Macro Recession Indicators Signal Potential Economic Slowdown Based on PMI, Yield Curve, and Credit Spreads
Over the past 48 hours, recent macroeconomic data points suggest a cautious outlook, with mixed signals from PMI, yield spreads, and credit risk measures indicating possible recession risks. These developments are relevant for macroeconomic analysis, credit markets, and economic cycle assessment.

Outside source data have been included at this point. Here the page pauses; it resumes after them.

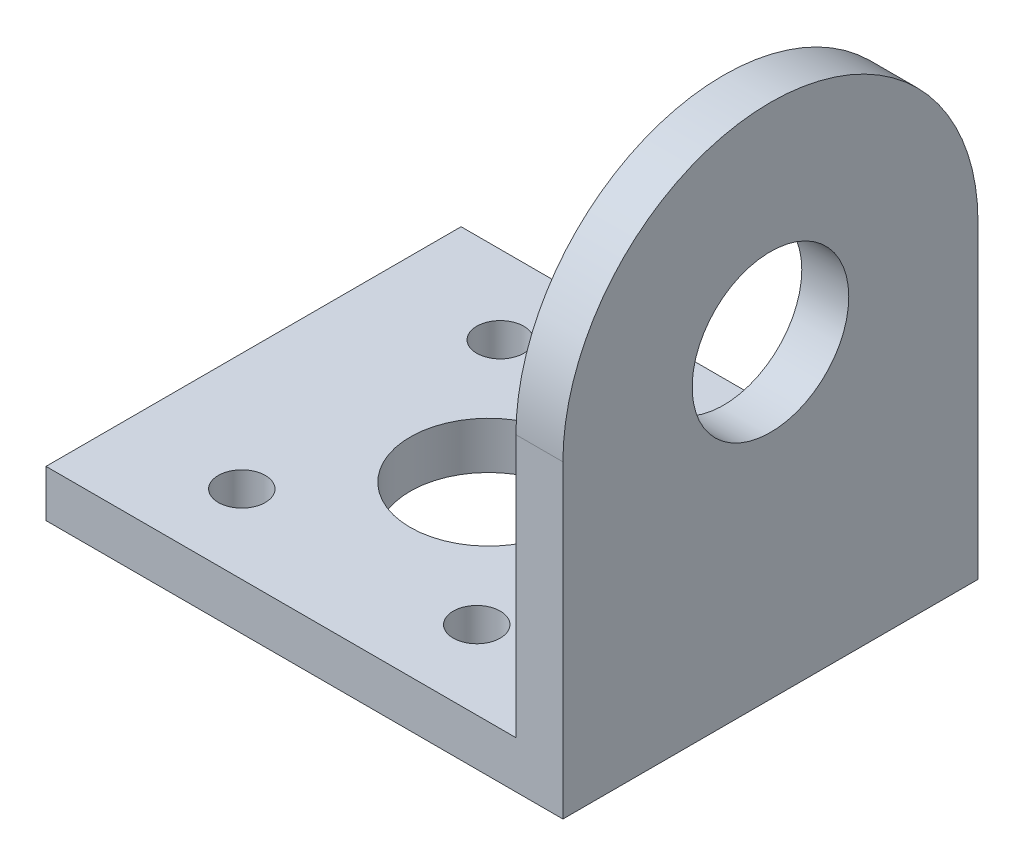
SolidWorks part; units mm, degrees
ref_plane "Front Plane" through (0, 0, 0) normal (0, 0, 1) x (1, 0, 0)
ref_plane "Top Plane" through (0, 0, 0) normal (0, 1, 0) x (1, 0, 0)
ref_plane "Right Plane" through (0, 0, 0) normal (1, 0, 0) x (0, 0, -1)
sketch "Sketch1" plane through (0, 0, 0) normal (0, 1, 0) x (1, 0, 0)
  line L0 (0, -14.5443) -> (0, 21.3613) construction
  line L1 (-15, 13.25) -> (15, 13.25)
  line L2 (-15, 13.25) -> (-15, -13.25)
  line L3 (-15, -13.25) -> (15, -13.25)
  line L4 (15, 13.25) -> (15, -13.25)
  line L5 (-15, 13.25) -> (15, -13.25) construction
  line L6 (-15, -13.25) -> (15, 13.25) construction
  line L7 (-19.6503, 0) -> (29.797, 0) construction
  circle A0 centre (0, 0) radius 5
  circle A1 centre (7.5, 8.25) radius 1.5
  circle A5 centre (-7.5, 8.25) radius 1.5
  circle A6 centre (-7.5, -8.25) radius 1.5
  circle A7 centre (7.5, -8.25) radius 1.5
  point P0 (0, 0)
  dimension "D1" = 10
  dimension "D4" = 7.5
  dimension "D6" = 3
  dimension "D5" = 5
  dimension "D2" = 26.5
  dimension "D3" = 30
extrude "Boss-Extrude1" add sketch "Sketch1" along normal blind 3
sketch "Sketch2" plane through (0, 0, 0) normal (0, 1, 0) x (1, 0, 0)
  line L0 (-15, -13.25) -> (15, -13.25) construction
  line L1 (15, 13.25) -> (18, 13.25)
  line L2 (15, 13.25) -> (15, -13.25)
  line L3 (15, -13.25) -> (18, -13.25)
  line L4 (18, 13.25) -> (18, -13.25)
  dimension "D1" = 3
  dimension "D2" = 0
extrude "Boss-Extrude2" add sketch "Sketch2" along normal blind 33
sketch "Sketch3" plane through (15, 0, 0) normal (-1, 0, 0) x (0, 0, 1)
  line L0 (-13.25, 33) -> (13.25, 33) construction
  line L2 (-13.25, 33) -> (-13.25, 19.75)
  line L4 (-13.25, 33) -> (13.25, 33)
  line L5 (13.25, 33) -> (13.25, 19.75)
  arc A0 (13.25, 19.75) -> (-13.25, 19.75) centre (0, 19.75) ccw
  line M2 (13.25, 3) -> (13.25, 33)
  line M3 (13.25, 33) -> (-13.25, 33)
  line M4 (-13.25, 33) -> (-13.25, 3)
  dimension "D1" = 26.5
extrude "Cut-Extrude1" cut sketch "Sketch3" against normal blind 33 contours A0 L4 M4 | A0 M2 M3 region at (15, 30.0404, -10.2904) region at (15, 30.0404, 10.2904)
sketch "Sketch4" plane through (18, 0, 0) normal (1, 0, 0) x (0, 0, -1)
  circle A0 centre (0, 19.75) radius 5
  dimension "D1" = 10
extrude "Cut-Extrude2" cut sketch "Sketch4" against normal through all

The U.S. S&P Global Composite PMI shows a decline to 51.4, indicating slower expansion driven by weaker services new orders, while manufacturing has returned to mild growth at 51.5. The Conference Board Leading Economic Index has decreased by 0.4% MoM and 6.0% YoY, marking the 23rd consecutive monthly decline, consistent with a mild recession signal. The U.S. 10Y–2Y Treasury yield spread remains deeply inverted at −0.39%, with the 3M–10Y spread near record inversion levels at −1.18%, both historically strong recession precursors. U.S. high-yield credit spreads have widened modestly to 3.51%, while investment-grade spreads remain stable at 1.35%. Weekly initial jobless claims are at 201k, near cycle lows, which delays recession confirmation from labor data.
The signals collectively indicate ongoing economic weakening, with persistent yield curve inversion and declining leading indicators suggesting recession risks are elevated despite some ongoing activity expansion.
These macro signals, including PMI, yield spreads, and credit risk measures, highlight potential challenges for liquidity, credit markets, and economic growth outlooks. The data underscores the importance of monitoring macroeconomic and credit market conditions for assessing systemic risks and capital flow shifts.
The dataset does not specify margin levels or liquidity breakdowns beyond these figures, and forward guidance is limited to the provided indicators.